_Materials provided_:
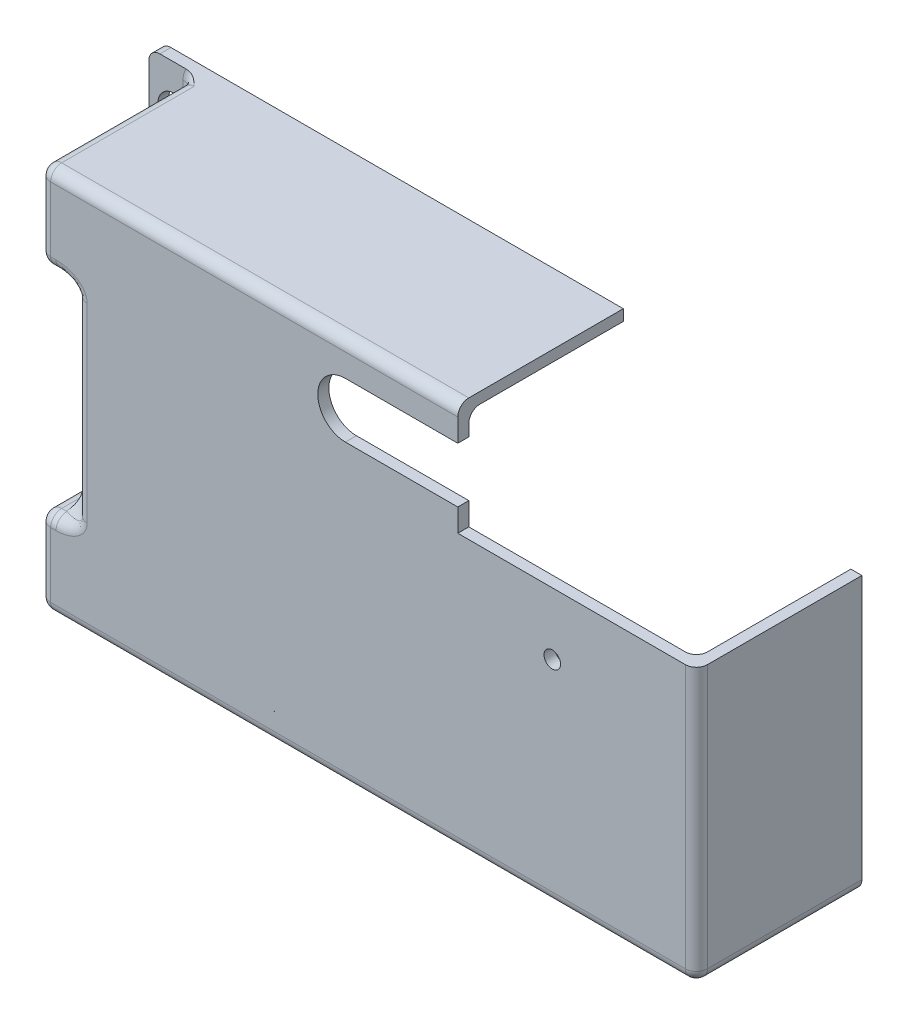
SolidWorks part; units mm, degrees
material "3D_printed_PLA"
ref_plane "Front Plane" through (0, 0, 0) normal (0, 0, 1) x (1, 0, 0)
ref_plane "Top Plane" through (0, 0, 0) normal (0, 1, 0) x (1, 0, 0)
ref_plane "Right Plane" through (0, 0, 0) normal (1, 0, 0) x (0, 0, -1)
sketch "Sketch1" plane through (0, 0, 0) normal (0, 0, 1) x (1, 0, 0)
  line L1 (-63.625, -35) -> (63.625, -35)
  line L2 (-63.625, -35) -> (-63.625, 35)
  line L3 (-63.625, 35) -> (63.625, 35)
  line L4 (63.625, -35) -> (63.625, 35)
  line L5 (-63.625, -35) -> (63.625, 35) construction
  line L6 (-63.625, 35) -> (63.625, -35) construction
  point P0 (0, 0)
  dimension "D1" = 127.25
  dimension "D2" = 70
extrude "Boss-Extrude1" add sketch "Sketch1" along normal blind 2
sketch "Sketch2" plane through (0, 0, 0) normal (0, 0, -1) x (-1, 0, 0)
  line L0 (-61.625, 33) -> (-61.625, -33)
  line L1 (-61.625, -33) -> (61.625, -33)
  line L2 (61.625, -33) -> (61.625, 33)
  line L3 (61.625, 33) -> (-61.625, 33)
  line L4 (-63.625, 35) -> (-63.625, -35)
  line L5 (-63.625, -35) -> (63.625, -35)
  line L6 (63.625, -35) -> (63.625, 35)
  line L7 (63.625, 35) -> (-63.625, 35)
  line L8 (-63.625, 35) -> (-63.625, -35)
  line L9 (-63.625, -35) -> (63.625, -35)
  line L10 (63.625, -35) -> (63.625, 35)
  line L11 (63.625, 35) -> (-63.625, 35)
  dimension "D1" = 0
  dimension "D2" = 2
extrude "Boss-Extrude2" add sketch "Sketch2" along normal blind 28
sketch "Sketch5" plane through (0, 0, 2) normal (0, 0, 1) x (1, 0, 0)
  line L0 (-63.625, 19.25) -> (-45.625, 19.25)
  line L1 (-63.625, 35) -> (-63.625, -35) construction
  line L2 (-45.625, 19.25) -> (-45.625, 21.75)
  line L3 (-45.625, 21.75) -> (-54.625, 21.75)
  line L4 (-54.625, 21.75) -> (-54.625, 35)
  line L5 (63.625, 35) -> (-63.625, 35) construction
  line L6 (-54.625, 35) -> (-63.625, 35)
  line L7 (-63.625, 35) -> (-63.625, 19.25)
  line L8 (-61.625, 0) -> (-39.8001, 0) construction
  line L9 (-61.625, -33) -> (-61.625, 33) construction
  line L10 (-54.625, -35) -> (-63.625, -35)
  line L11 (-54.625, -21.75) -> (-54.625, -35)
  line L12 (-45.625, -21.75) -> (-54.625, -21.75)
  line L13 (-45.625, -19.25) -> (-45.625, -21.75)
  line L14 (-63.625, -19.25) -> (-45.625, -19.25)
  line L15 (-63.625, -35) -> (-63.625, -19.25)
  dimension "D1" = 15.75
  dimension "D2" = 18
  dimension "D3" = 2.5
  dimension "D4" = 9
extrude "Boss-Extrude3" add sketch "Sketch5" against normal offset from surface (29.75 mm away) 0.25 up to face at (0, 0, -28)
sketch "Sketch6" plane through (0, 0, 2) normal (0, 0, 1) x (1, 0, 0)
  line L0 (-61.625, -19.25) -> (-45.625, -19.25) construction
  line L1 (-45.625, 19.25) -> (-52.625, 19.25)
  line L2 (-45.625, 19.25) -> (-45.625, -19.25)
  line L3 (-45.625, -19.25) -> (-52.625, -19.25)
  line L4 (-52.625, 19.25) -> (-52.625, -19.25)
  dimension "D1" = 7
extrude "Boss-Extrude4" add sketch "Sketch6" against normal blind 5.75
sketch "Sketch7" plane through (-63.625, 0, 0) normal (-1, 0, 0) x (0, 0, 1)
  line L0 (2, 35) -> (2, -35) construction
  line L1 (2, -19.25) -> (-28, -19.25)
  line L2 (2, -19.25) -> (2, 19.25)
  line L3 (2, 19.25) -> (-28, 19.25)
  line L4 (-28, -19.25) -> (-28, 19.25)
  line L5 (-28, -35) -> (-28, 35) construction
  line L6 (-28, 35) -> (2, 0) construction
  line L7 (2, 0) -> (-28, -35) construction
  line L8 (0, 19.25) -> (-27.75, 19.25) construction
extrude "Cut-Extrude2" cut sketch "Sketch7" against normal up to vertex
sketch "Sketch8" plane through (0, -35, 0) normal (0, -1, 0) x (1, 0, 0)
  line L0 (63.625, -28) -> (-63.625, -28) construction
  line L1 (-63.625, 2) -> (-55.425, 2)
  line L2 (-63.625, 2) -> (-63.625, -26)
  line L3 (-63.625, -26) -> (-55.425, -26)
  line L4 (-55.425, 2) -> (-55.425, -26)
  line L5 (-54.625, 0) -> (-54.625, -27.75) construction
  dimension "D1" = 2
  dimension "D2" = 0.8
extrude "Cut-Extrude3" cut sketch "Sketch8" against normal through all both and the other way through all
chamfer "Chamfer1" distance 5 angle 45 1 edges at (-52.625, 0, 2)
fillet "Fillet1" radius 2 32 edges at (3.5, -33, 0) (61.625, 0, 0) (3.5, 33, 0) (4.1, -35, 2) (4.1, 35, 2) (63.625, 0, 2) (-61.625, 33, -27.875) (-61.625, -33, -27.875) (61.625, -33, -14) (61.625, 33, -14) (-63.625, 35, -27) (63.625, 35, -13) (63.625, -35, -13) (-63.625, -35, -27) (-54.625, -27.375, 0) (-54.625, 27.375, 0) (-50.125, 21.75, 0) (-45.625, 0, 0) (-50.125, -21.75, 0) (-55.425, 27.125, 2) (-55.425, -27.125, 2) (-51.525, -19.25, 2) (-47.625, 0, 2) (-51.525, 19.25, 2) (-63.625, -19.25, -27) (-63.625, 19.25, -27) (-55.425, 19.25, -12) (-55.425, -19.25, -12) (-50.125, -19.25, -0.5) (-50.125, 19.25, -0.5) (-55.425, -35, -12) (-55.425, 35, -12)
sketch "Sketch3" plane through (0, 0, 2) normal (0, 0, 1) x (1, 0, 0)
  line L0 (63.625, 33) -> (63.625, -33) construction
  line L1 (63.625, 14.75) -> (20.375, 14.75)
  line L2 (63.625, 14.75) -> (63.625, 35)
  line L3 (63.625, 35) -> (20.375, 35)
  line L4 (20.375, 14.75) -> (20.375, 35)
  line L5 (-53.425, 35) -> (61.625, 35) construction
  dimension "D1" = 43.25
  dimension "D2" = 20.25
extrude "Cut-Extrude1" cut sketch "Sketch3" against normal through all both and the other way through all
fillet "Fillet2" radius 2 6 edges at (-54.8392, -19.8358, -26) (-54.8392, -34.4142, -26) (-54.8392, 34.4142, -26) (-54.8392, 19.8358, -26) (-55.425, -27.125, -26) (-55.425, 27.125, -26)
sketch "Sketch9" plane through (0, 0, -26) normal (0, 0, 1) x (1, 0, 0)
  circle A0 centre (-58.9747, -27.125) radius 3
  circle A1 centre (-58.9747, 27.125) radius 3
  point P5 (0, 0)
  point P7 (0, 0)
  point P8 (-57.425, -27.125)
  point P9 (0, 0)
  point P10 (-58.9747, -27.125)
  point P11 (-59.0271, 27.125)
  point P12 (0, 0)
  dimension "D1" = 6
extrude "Cut-Extrude4" cut sketch "Sketch9" along normal through all and the other way blind 2.5
sketch "Sketch10" plane through (0, 0, -26) normal (0, 0, 1) x (1, 0, 0)
  line L0 (-63.625, 33) -> (-63.625, 21.25) construction
  line L1 (-63.625, -21.25) -> (-63.625, -33) construction
  circle A0 centre (-56.3911, 27.125) radius 1.5
  circle A1 centre (-56.3911, -27.125) radius 1.5
  point P6 (0, 0)
  point P7 (-42.5, -18.75)
  point P8 (0, 0)
  point P9 (-60.7059, -19.625)
  point P10 (0, 0)
  point P11 (-60.7059, 19.625)
  point P12 (-60.7059, -28.1572)
  point P13 (-60.7059, 26.9517)
  point P16 (-63.625, 27.125)
  point P19 (-63.625, -27.125)
  point P20 (-55.425, -27.125)
  point P21 (-57.425, -27.125)
  point P22 (0, 0)
  point P23 (-55.425, -27.125)
  point P24 (0, 0)
  point P25 (0, 0)
  point P26 (-55.425, -27.125)
  point P27 (-56.3911, -27.125)
  point P28 (-56.6281, -27.125)
  point P30 (0, 0)
  dimension "D1" = 3
extrude "Cut-Extrude5" cut sketch "Sketch10" along normal through all
sketch "Sketch11" plane through (0, 0, 2) normal (0, 0, 1) x (1, 0, 0)
  circle A0 centre (37.5, 3.5) radius 1.5 construction
  circle A1 centre (37.5, 3.5) radius 1.5
extrude "Cut-Extrude6" cut sketch "Sketch11" against normal through all both and the other way through all
sketch "Sketch12" plane through (0, 0, 2) normal (0, 0, 1) x (1, 0, 0)
  line L0 (20.375, 23.875) -> (0, 23.875) construction
  line L1 (20.375, 14.75) -> (20.375, 33) construction
  line L2 (20.375, 18.875) -> (0, 18.875)
  line L3 (20.375, 28.875) -> (0, 28.875)
  arc A0 (20.375, 18.875) -> (20.375, 28.875) centre (20.375, 23.875) ccw
  arc A1 (0, 28.875) -> (0, 18.875) centre (0, 23.875) ccw
  point P4 (10.1875, 23.875)
  dimension "D1" = 5
extrude "Cut-Extrude7" cut sketch "Sketch12" against normal through all both and the other way through all

_Exercise prompt_: Reproduce the data above line for line, from its first line through the line containing "line L5 (63.625, 35)", both ends included, with the pictures omitted and nothing more.

_Task output_:
SolidWorks part; units mm, degrees
material "3D_printed_PLA"
ref_plane "Front Plane" through (0, 0, 0) normal (0, 0, 1) x (1, 0, 0)
ref_plane "Top Plane" through (0, 0, 0) normal (0, 1, 0) x (1, 0, 0)
ref_plane "Right Plane" through (0, 0, 0) normal (1, 0, 0) x (0, 0, -1)
sketch "Sketch1" plane through (0, 0, 0) normal (0, 0, 1) x (1, 0, 0)
  line L1 (-63.625, -35) -> (63.625, -35)
  line L2 (-63.625, -35) -> (-63.625, 35)
  line L3 (-63.625, 35) -> (63.625, 35)
  line L4 (63.625, -35) -> (63.625, 35)
  line L5 (-63.625, -35) -> (63.625, 35) construction
  line L6 (-63.625, 35) -> (63.625, -35) construction
  point P0 (0, 0)
  dimension "D1" = 127.25
  dimension "D2" = 70
extrude "Boss-Extrude1" add sketch "Sketch1" along normal blind 2
sketch "Sketch2" plane through (0, 0, 0) normal (0, 0, -1) x (-1, 0, 0)
  line L0 (-61.625, 33) -> (-61.625, -33)
  line L1 (-61.625, -33) -> (61.625, -33)
  line L2 (61.625, -33) -> (61.625, 33)
  line L3 (61.625, 33) -> (-61.625, 33)
  line L4 (-63.625, 35) -> (-63.625, -35)
  line L5 (-63.625, -35) -> (63.625, -35)
  line L6 (63.625, -35) -> (63.625, 35)
  line L7 (63.625, 35) -> (-63.625, 35)
  line L8 (-63.625, 35) -> (-63.625, -35)
  line L9 (-63.625, -35) -> (63.625, -35)
  line L10 (63.625, -35) -> (63.625, 35)
  line L11 (63.625, 35) -> (-63.625, 35)
  dimension "D1" = 0
  dimension "D2" = 2
extrude "Boss-Extrude2" add sketch "Sketch2" along normal blind 28
sketch "Sketch5" plane through (0, 0, 2) normal (0, 0, 1) x (1, 0, 0)
  line L0 (-63.625, 19.25) -> (-45.625, 19.25)
  line L1 (-63.625, 35) -> (-63.625, -35) construction
  line L2 (-45.625, 19.25) -> (-45.625, 21.75)
  line L3 (-45.625, 21.75) -> (-54.625, 21.75)
  line L4 (-54.625, 21.75) -> (-54.625, 35)
  line L5 (63.625, 35) -> (-63.625, 35) construction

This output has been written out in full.